It would be an interesting choice to gain insights into how Topography and Deformation Measurement (TDM) equipment by Insidix played a crucial role in understanding the temperature loads during fan-out wafer-level packaging (FO-WLP) for realizing the processes of Overmolding, Post-Mold-Cure, Carrier Release, and RDL Curing. TDM supported the study performed by Marius van Dijk, Saskia Huber, Andreas Stegmaier, Hans Walter, Olaf Wittler, and Martin Schneider-Ramelo of the Fraunhofer Institute and the Research Centre of Microperipheric Technologies in Berlin, on FO-WLP Warpage Behavior-Influence of Process Temperature and Geometry. https://ieeexplore.ieee.org/document/9410875

Now, you must be wondering what FO-WLP is. Well, Fan-Out Wafer Level Packaging (FO-WLP) refers to a technology in microelectronic packaging that facilitates miniaturization, cost reduction, and shorter time-to-market. But warpage effects in FO-WLP is a critical issue that largely impacts the manufacturing of cost-effective and reliable SiPs. So, to deduce countermeasures for warpage effects related to temperature loads, TDM was used to produce related thermal profiles. And for doing so, extensive thermomechanical material characterization, temperature-dependent warpage measurements, and numerical simulations were performed.

Warpage Measurement

Warpage measurements refer to the shape deformation at different temperatures due to the use of materials with other thermal properties (CTE mismatch). Now, to prevent mixing up different effects in the process, Silicon was chosen as the carrier material, and no thermal release tape was used. This simplified set-up of a real FO-WLP facilitates a detailed study of the EMC material and the interaction between EMC and Silicon.

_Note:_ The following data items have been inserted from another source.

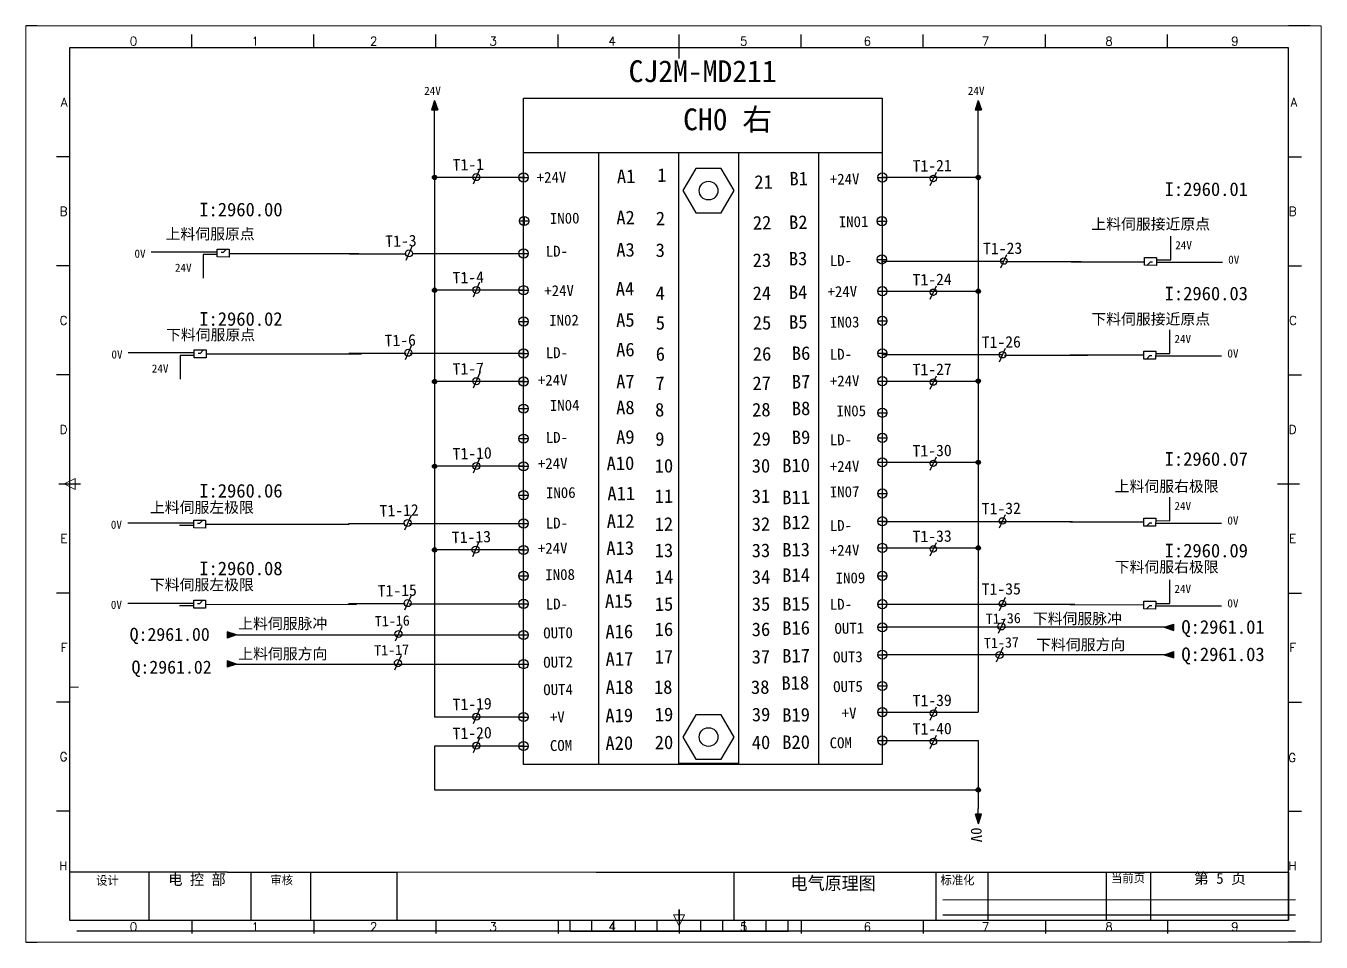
# Model space of a CAD drawing. Extents: x -471 to 3265, y -2399 to 467.
# Drawn here: x 1972 to 2566, y -496 to -76 of the extents above; entities that cross this region are included whole.
import ezdxf
from ezdxf.enums import TextEntityAlignment as Align

# ---------------------------------------------------------------- set-up
doc = ezdxf.new("R2010")
doc.units = 0
doc.header["$MEASUREMENT"] = 0
doc.linetypes.add('ACAD_ISO02W100', pattern=[15, 12, -3])
doc.layers.add('AE_BOR', color=1, linetype='Continuous')
doc.layers.add('SYMS', color=7, linetype='Continuous')
doc.styles.add('1', font='', dxfattribs={"height": 3.5})
doc.styles.add('WD', font='romans.shx', dxfattribs={"bigfont": 'gbcbig.shx'})
doc.styles.add('工程字', font='SimSun.ttf')
doc.styles.get('1').set_extended_font_data('FangSong_GB2312')

# ---------------------------------------------------------------- blocks, each defined once
blk = doc.blocks.new('WDDOT')
blk.add_hatch(color=256).paths.add_polyline_path([(0.5, 0, 1), (-0.5, 0, 1)])
blk.add_circle((0, 0), 0.5)
blk = doc.blocks.new('gb_a2_a')
for p, q in [((584, 410), (25, 410)), ((25, 410), (25, 10)), ((584, 10), (584, 410)), ((25, 10), (584, 10))]:
    blk.add_line(p, q)
at = {"lineweight": 9, "ltscale": 0.1}
blk.add_line((25, 116.86), (29, 116.86), dxfattribs=at)
at = {"layer": 'AE_BOR', "lineweight": 30}
for p, q in [((10, 420), (4.93, 420)), ((594, 420), (584, 420)), ((4.93, 0), (10, 0)), ((594, 0), (584, 0))]:
    blk.add_line(p, q, dxfattribs=at)
at = {"layer": 'AE_BOR', "color": 1, "lineweight": 15}
for p, q in [((4.93, 420), (598.93, 420)), ((4.93, 0), (4.93, 420)), ((598.93, 420), (598.93, 0)), ((22.5, 210), (27.5, 212.5)), ((27.5, 207.5), (22.5, 210)), ((27.5, 212.5), (27.5, 207.5)), ((304.5, 7.5), (302, 12.5)), ((302, 12.5), (307, 12.5)), ((307, 12.5), (304.5, 7.5)), ((598.93, 0), (4.93, 0))]:
    blk.add_line(p, q, dxfattribs=at)
at = {"layer": 'AE_BOR'}
for p, q in [((81, 410), (81, 416)), ((137, 410), (137, 416)), ((193, 410), (193, 416)), ((249, 410), (249, 416)), ((304.5, 410), (304.5, 416)), ((360.5, 410), (360.5, 416)), ((416.5, 410), (416.5, 416)), ((472.5, 410), (472.5, 416)), ((528.5, 410), (528.5, 416)), ((25, 360), (19, 360)), ((584, 360), (590, 360)), ((25, 310), (19, 310)), ((584, 310), (590, 310)), ((25, 260), (19, 260)), ((584, 260), (590, 260)), ((25, 160), (19, 160)), ((584, 160), (590, 160)), ((25, 110), (19, 110)), ((584, 110), (590, 110)), ((25, 60), (19, 60)), ((584, 60), (590, 60)), ((81, 10), (81, 4)), ((137, 10), (137, 4)), ((193, 10), (193, 4)), ((249, 10), (249, 4)), ((304.5, 10), (304.5, 4)), ((360.5, 10), (360.5, 4)), ((416.5, 10), (416.5, 4)), ((472.5, 10), (472.5, 4)), ((528.5, 10), (528.5, 4))]:
    blk.add_line(p, q, dxfattribs=at)
at = {"layer": 'AE_BOR', "color": 2, "lineweight": 30}
for p, q in [((304.5, 405), (304.5, 415)), ((20, 210), (30, 210)), ((579, 210), (589, 210)), ((304.5, 10), (304.5, 15)), ((304.5, 15), (304.5, 5)), ((254.5, 5), (254.5, 10)), ((264.5, 5), (264.5, 10)), ((274.5, 5), (274.5, 10)), ((284.5, 5), (284.5, 10)), ((294.5, 5), (294.5, 10)), ((304.5, 10), (304.5, 5)), ((314.5, 5), (314.5, 10)), ((324.5, 5), (324.5, 10)), ((334.5, 5), (334.5, 10)), ((344.5, 5), (344.5, 10)), ((354.5, 5), (354.5, 10)), ((254.5, 5), (354.5, 5))]:
    blk.add_line(p, q, dxfattribs=at)
at = {"layer": 'AE_BOR', "style": 'WD'}
for s, p in [('0', (54.27, 411)), ('1', (110.12, 411)), ('2', (164.42, 411)), ('3', (219.22, 411)), ('4', (273.82, 411)), ('5', (334.12, 411)), ('6', (390.81, 411)), ('7', (445.01, 411)), ('8', (501.67, 411)), ('9', (559.4, 411)), ('0', (54.27, 5)), ('1', (110.12, 5)), ('2', (164.42, 5)), ('3', (219.22, 5)), ('4', (273.82, 5)), ('5', (334.12, 5)), ('6', (390.81, 5)), ('7', (445.01, 5)), ('8', (501.67, 5)), ('9', (559.4, 5))]:
    blk.add_text(s, height=4, dxfattribs=at).set_placement(p, align=Align.CENTER)
for s, p in [('A', (24, 385)), ('A', (588.05, 385)), ('B', (24, 335)), ('B', (587.67, 335)), ('C', (24, 285)), ('C', (587.86, 285)), ('D', (24, 235)), ('D', (587.67, 235)), ('E', (24, 185)), ('E', (587.48, 185)), ('F', (24, 135)), ('F', (587.48, 135)), ('F', (587.48, 135)), ('G', (24, 85)), ('G', (587.48, 84.56)), ('H', (24, 35)), ('H', (587.67, 35))]:
    blk.add_text(s, height=4, dxfattribs=at).set_placement(p, align=Align.MIDDLE_RIGHT)

msp = doc.modelspace()

# ---------------------------------------------------------------- hatches: boundary and pattern name
for points in [[(2159.54, -110.09), (2160.96, -114.5), (2158.13, -114.5)], [(2408.88, -110.09), (2410.29, -114.5), (2407.46, -114.5)], [(2494.09, -351.67), (2498.51, -350.25), (2498.51, -353.08)], [(2068.74, -355.17), (2064.33, -356.58), (2064.33, -353.75)], [(2068.74, -368.51), (2064.33, -369.92), (2064.33, -367.09)], [(2494.09, -364.21), (2498.51, -362.79), (2498.51, -365.62)], [(2409, -441.69), (2407.58, -437.28), (2410.41, -437.28)]]:
    msp.add_hatch(color=256).paths.add_polyline_path(points)
h = msp.add_hatch(color=256)
edge = h.paths.add_edge_path()
edge.add_arc((2159.54, -145.4), 0.981, 0, 360)
h = msp.add_hatch(color=256)
edge = h.paths.add_edge_path()
edge.add_arc((2408.88, -145.42), 0.981, 0, 360)
h = msp.add_hatch(color=256)
edge = h.paths.add_edge_path()
edge.add_arc((2159.54, -197.15), 0.981, 0, 360)
h = msp.add_hatch(color=256)
edge = h.paths.add_edge_path()
edge.add_arc((2408.88, -197.59), 0.981, 0, 360)
h = msp.add_hatch(color=256)
edge = h.paths.add_edge_path()
edge.add_arc((2159.54, -238.98), 0.981, 0, 360)
h = msp.add_hatch(color=256)
edge = h.paths.add_edge_path()
edge.add_arc((2408.88, -238.79), 0.981, 0, 360)
h = msp.add_hatch(color=256)
edge = h.paths.add_edge_path()
edge.add_arc((2159.54, -277.86), 0.981, 0, 360)
h = msp.add_hatch(color=256)
edge = h.paths.add_edge_path()
edge.add_arc((2408.88, -276.02), 0.981, 0, 360)
h = msp.add_hatch(color=256)
edge = h.paths.add_edge_path()
edge.add_arc((2408.88, -315.27), 0.981, 0, 360)
h = msp.add_hatch(color=256)
edge = h.paths.add_edge_path()
edge.add_arc((2159.54, -316.2), 0.981, 0, 360)
h = msp.add_hatch(color=256)
edge = h.paths.add_edge_path()
edge.add_arc((2408.88, -426.2), 0.981, 0, 360)

# ---------------------------------------------------------------- linework, layer by layer
for p, q in [((2159.54, -110.09), (2158.13, -114.5)), ((2159.54, -110.09), (2160.96, -114.5)), ((2408.88, -110.09), (2407.46, -114.5)), ((2408.88, -110.09), (2410.29, -114.5)), ((2158.13, -114.5), (2160.96, -114.5)), ((2159.54, -145.42), (2159.54, -114.5)), ((2407.46, -114.5), (2410.29, -114.5)), ((2408.88, -145.42), (2408.88, -114.5)), ((2200.32, -133.93), (2364.87, -133.93)), ((2180.2, -141.77), (2177.19, -148.51)), ((2200.87, -145.42), (2159.54, -145.42)), ((2159.54, -145.42), (2159.54, -197.15)), ((2408.88, -145.42), (2364.87, -145.43)), ((2386.83, -149.07), (2389.66, -142.94)), ((2408.88, -145.42), (2408.88, -197.59)), ((2149.31, -176.77), (2146.3, -183.51)), ((2059.88, -179.7), (2029.61, -179.7)), ((2059.87, -181.89), (2059.88, -178.27)), ((2065.3, -181.9), (2059.87, -181.89)), ((2059.88, -178.27), (2065.31, -178.28)), ((2065.31, -178.28), (2065.3, -181.9)), ((2065.3, -180.25), (2124.8, -180.25)), ((2120.57, -180.51), (2146.5, -180.51)), ((2200.97, -180.42), (2149.31, -180.42)), ((2364.68, -183.82), (2420.61, -183.82)), ((2419.17, -186.94), (2422, -180.81)), ((2421.4, -183.92), (2456.01, -183.92)), ((2451.54, -184.05), (2485.16, -184.05)), ((2485.16, -185.71), (2485.17, -182.09)), ((2485.17, -182.09), (2490.59, -182.11)), ((2490.59, -182.11), (2490.58, -185.73)), ((2490.58, -185.73), (2485.16, -185.71)), ((2490.59, -184.29), (2520.86, -184.29)), ((2180.2, -193.5), (2177.19, -200.25)), ((2386.83, -201.24), (2389.66, -195.11)), ((2200.59, -197.15), (2159.54, -197.15)), ((2159.54, -197.15), (2159.54, -392.78)), ((2364.87, -197.59), (2408.88, -197.59)), ((2408.88, -197.59), (2408.88, -390.54)), ((2049.32, -228.09), (2049.33, -224.47)), ((2049.33, -224.47), (2054.75, -224.49)), ((2054.75, -224.49), (2054.74, -228.11)), ((2149, -222.3), (2145.98, -229.05)), ((2418.55, -229.89), (2421.38, -223.76)), ((2484.79, -228.7), (2484.8, -225.08)), ((2484.8, -225.08), (2490.23, -225.09)), ((2490.23, -225.09), (2490.22, -228.71)), ((2049.32, -225.9), (2019.05, -225.9)), ((2054.74, -228.11), (2049.32, -228.09)), ((2120.26, -226.05), (2146.5, -226.05)), ((2200.59, -226.21), (2148.1, -226.21)), ((2364.87, -226.57), (2420.09, -226.57)), ((2420.84, -226.92), (2459.11, -226.92)), ((2484.8, -226.89), (2450.92, -226.83)), ((2490.22, -228.71), (2484.79, -228.7)), ((2490.22, -227.28), (2520.49, -227.28)), ((2180.2, -235.33), (2177.19, -242.08)), ((2386.83, -242.43), (2389.66, -236.3)), ((2159.54, -238.98), (2159.54, -238.98)), ((2408.88, -238.79), (2408.88, -238.79)), ((2159.54, -277.86), (2159.54, -277.86)), ((2180.2, -274.21), (2177.19, -280.95)), ((2386.83, -279.67), (2389.66, -273.54)), ((2408.88, -276.02), (2408.88, -276.02)), ((2049.04, -306.13), (2049.05, -302.51)), ((2049.05, -302.51), (2054.48, -302.52)), ((2054.48, -302.52), (2054.47, -306.14)), ((2148.72, -300.34), (2145.71, -307.09)), ((2418.55, -306.08), (2421.38, -299.94)), ((2484.79, -305.28), (2484.8, -301.66)), ((2484.8, -301.66), (2490.23, -301.67)), ((2490.23, -301.67), (2490.22, -305.29)), ((2049.05, -303.94), (2018.78, -303.94)), ((2054.47, -306.14), (2049.04, -306.13)), ((2054.47, -304.33), (2120.41, -304.4)), ((2119.99, -304.08), (2145.86, -304.08)), ((2200.32, -304.25), (2147.82, -304.25)), ((2364.87, -303.15), (2452.06, -303.15)), ((2484.8, -303.47), (2450.92, -303.41)), ((2490.22, -305.29), (2484.79, -305.28)), ((2490.22, -303.86), (2520.49, -303.86)), ((2179.86, -312.55), (2176.84, -319.3)), ((2386.83, -318.91), (2389.66, -312.78)), ((2159.54, -316.2), (2159.54, -316.2)), ((2408.88, -315.27), (2408.88, -315.27)), ((2148.72, -337.08), (2145.71, -343.82)), ((2418.55, -343.97), (2421.38, -337.84)), ((2049.05, -340.68), (2018.78, -340.68)), ((2049.04, -342.87), (2049.05, -339.24)), ((2054.47, -342.88), (2049.04, -342.87)), ((2049.05, -339.24), (2054.48, -339.26)), ((2054.48, -339.26), (2054.47, -342.88)), ((2054.47, -341.07), (2123.76, -341.14)), ((2119.99, -340.82), (2146.05, -340.82)), ((2200.32, -340.98), (2147.82, -340.98)), ((2364.87, -341.12), (2453.23, -341.12)), ((2484.8, -341.44), (2450.92, -341.38)), ((2484.79, -343.25), (2484.8, -339.63)), ((2490.22, -343.27), (2484.79, -343.25)), ((2484.8, -339.63), (2490.23, -339.65)), ((2490.23, -339.65), (2490.22, -343.27)), ((2490.22, -341.83), (2520.49, -341.83)), ((2421.03, -347.76), (2418.02, -354.51)), ((2494.09, -351.67), (2498.51, -350.25)), ((2498.51, -353.08), (2498.51, -350.25)), ((2068.74, -355.17), (2064.33, -353.75)), ((2064.33, -353.75), (2064.33, -356.58)), ((2068.74, -355.17), (2064.33, -356.58)), ((2068.74, -355.17), (2200.32, -355.17)), ((2144.5, -351.26), (2141.49, -358.01)), ((2494.85, -351.67), (2364.87, -351.67)), ((2494.09, -351.67), (2498.51, -353.08)), ((2420.17, -360.85), (2417.15, -367.59)), ((2068.74, -368.51), (2064.33, -367.09)), ((2064.33, -367.09), (2064.33, -369.92)), ((2144.21, -364.6), (2141.2, -371.35)), ((2494.33, -364.21), (2364.87, -364.21)), ((2494.09, -364.21), (2498.51, -362.79)), ((2494.09, -364.21), (2498.51, -365.62)), ((2498.51, -365.62), (2498.51, -362.79)), ((2068.74, -368.51), (2064.33, -369.92)), ((2068.74, -368.51), (2200.32, -368.51)), ((2180.2, -389.13), (2177.19, -395.88)), ((2364.89, -390.54), (2408.88, -390.54)), ((2386.84, -394.18), (2389.68, -388.05)), ((2200.32, -392.78), (2159.54, -392.78)), ((2180.2, -402.43), (2177.19, -409.17)), ((2364.87, -403.53), (2408.88, -403.53)), ((2386.84, -407.18), (2389.68, -401.04)), ((2408.88, -403.53), (2408.88, -434.73)), ((2200.32, -406.08), (2159.54, -406.08)), ((2159.54, -406.08), (2159.54, -426.2)), ((2408.88, -426.2), (2408.88, -426.2)), ((2409, -441.69), (2407.58, -437.28)), ((2410.41, -437.28), (2407.58, -437.28)), ((2408.88, -437.28), (2408.88, -434.73)), ((2409, -441.69), (2410.41, -437.28)), ((2064.59, -463.96), (1992.16, -463.96)), ((1992.16, -463.96), (1992.16, -485.96)), ((2028.44, -463.96), (2028.44, -485.96)), ((2064.59, -463.96), (2142.21, -463.96)), ((2075.2, -463.96), (2075.2, -485.96)), ((2102.65, -463.96), (2102.65, -485.96)), ((2142.21, -463.96), (2142.21, -485.96)), ((2233.7, -463.96), (2353.6, -463.96)), ((2296.76, -463.96), (2296.76, -485.96)), ((2353.6, -463.96), (2491.17, -463.96)), ((2389.39, -463.96), (2389.39, -485.96)), ((2491.17, -463.96), (2551.16, -463.96)), ((1995.38, -490.79), (2554.38, -490.79))]:
    msp.add_line(p, q)
at = {"lineweight": -3}
for p, q in [((2234.67, -133.93), (2234.67, -414.5)), ((2335.61, -133.93), (2335.61, -414.5)), ((2198.2, -145.42), (2202.44, -145.42)), ((2200.32, -143.3), (2200.32, -147.54)), ((2362.75, -145.43), (2366.99, -145.43)), ((2364.87, -143.31), (2364.87, -147.55)), ((2198.47, -165.38), (2202.71, -165.38)), ((2200.59, -163.26), (2200.59, -167.5)), ((2362.56, -165.44), (2366.8, -165.44)), ((2364.68, -163.32), (2364.68, -167.56)), ((2200.32, -178.14), (2200.32, -182.38)), ((2198.2, -180.26), (2202.44, -180.26)), ((2362.56, -182.99), (2366.8, -182.99)), ((2364.68, -180.87), (2364.68, -185.11)), ((2200.32, -195.03), (2200.32, -199.27)), ((2364.87, -195.47), (2364.87, -199.71)), ((2198.2, -197.15), (2202.44, -197.15)), ((2362.75, -197.59), (2366.99, -197.59)), ((2198.2, -211.44), (2202.44, -211.44)), ((2200.32, -209.32), (2200.32, -213.56)), ((2362.75, -211.16), (2366.99, -211.16)), ((2364.87, -209.04), (2364.87, -213.28)), ((2200.32, -224.05), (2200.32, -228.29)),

The warpage is identified under thermal load with the Insidix TDM projection Moiré system. The temperature of the demonstrator is checked in four different positions on both the top and bottom sides. 3 heat cycles were carried out for each demonstrator.

From the results obtained in TDM, a direct impact of the EMC thickness on the warpage was noticed. The warpage seemed to increase after heating up to 200℃ for all EMC thicknesses. Besides, this effect analysis done using TDM was further validated by the simulation model proposed in this study. Also, warpage measurements indicated that non-symmetrical deformation would seem to have a preferential direction.

Material Characterization

In this phase, dynamic mechanical analysis (DMA) was performed to determine the stiffness of the EMC material with respect to the temperature. An assumption was made that the EMC material is rheological simple, making it easier to calculate its short- and long-term behavior by implementing the superposition principle. The results make it clear that the thermomechanical behavior of the EMC is not purely linear elastic.

To determine the coefficient of thermal expansion (CTE), a process-like thermal profile was produced by Insidix’s TDM for effective thermomechanical analysis. This process-TMA helps determine precise CTE values before and after each process temperature. It also offers insightful knowledge into the changes in length caused due to probable shrinkage effects. In this study, the CTE values for numerical simulations were determined during the first time heating up to 200°C along with cooling down after this temperature load.

Simulation

The demonstrator geometry and its results deduced from Insidix’s TDM for warpage measurement were realized in this simulation model. Here, different simulations were conducted to study the influence of Silicon’s orientation in warpage formations and non-symmetrical deformations.

Simulations were also performed to check the stability of the warpage axis. And the results obtained from the simulation model were compared with those measured in the experiment conducted using TDM. In most cases, both the results seemed to correlate well.

Also, shrinkage effects were studied and compared via this simulation model. Shrinkage effects became visible during heating up between 150-200°C, which was comparable to the results obtained during the experiment of material characterization. Furthermore, hysteresis measured in the experiment was also transparently visible in the simulation results. Thus, it proves correct procedures and tools were followed in the experiment. Hence, it marks the efficiency of Topography and Deformation Measurement (TDM) equipment by Insidix for related research purposes.

Conclusion

This study primarily upholds the impact of the process temperature on FO-WLP warpage behavior. It was executed by undergoing material characterization, experimental warpage measurements, and numerical simulations with the help of practical tools like Insidix’s TDM. It was observed that the warpage and shrinkage measurements obtained from experimental results correlate pretty well to the simulation results.

So, this agreement between the experiment and simulation evidences the utmost efficiency and high-end performance of Insidix’s TDM. Furthermore, it highlights the significant role of the Topography and Deformation Measurement (TDM) equipment in comprehending temperature loads in the FO-WLP processes of Overmolding, Carrier Release, Post-Mold-Cure, and RDL Curing.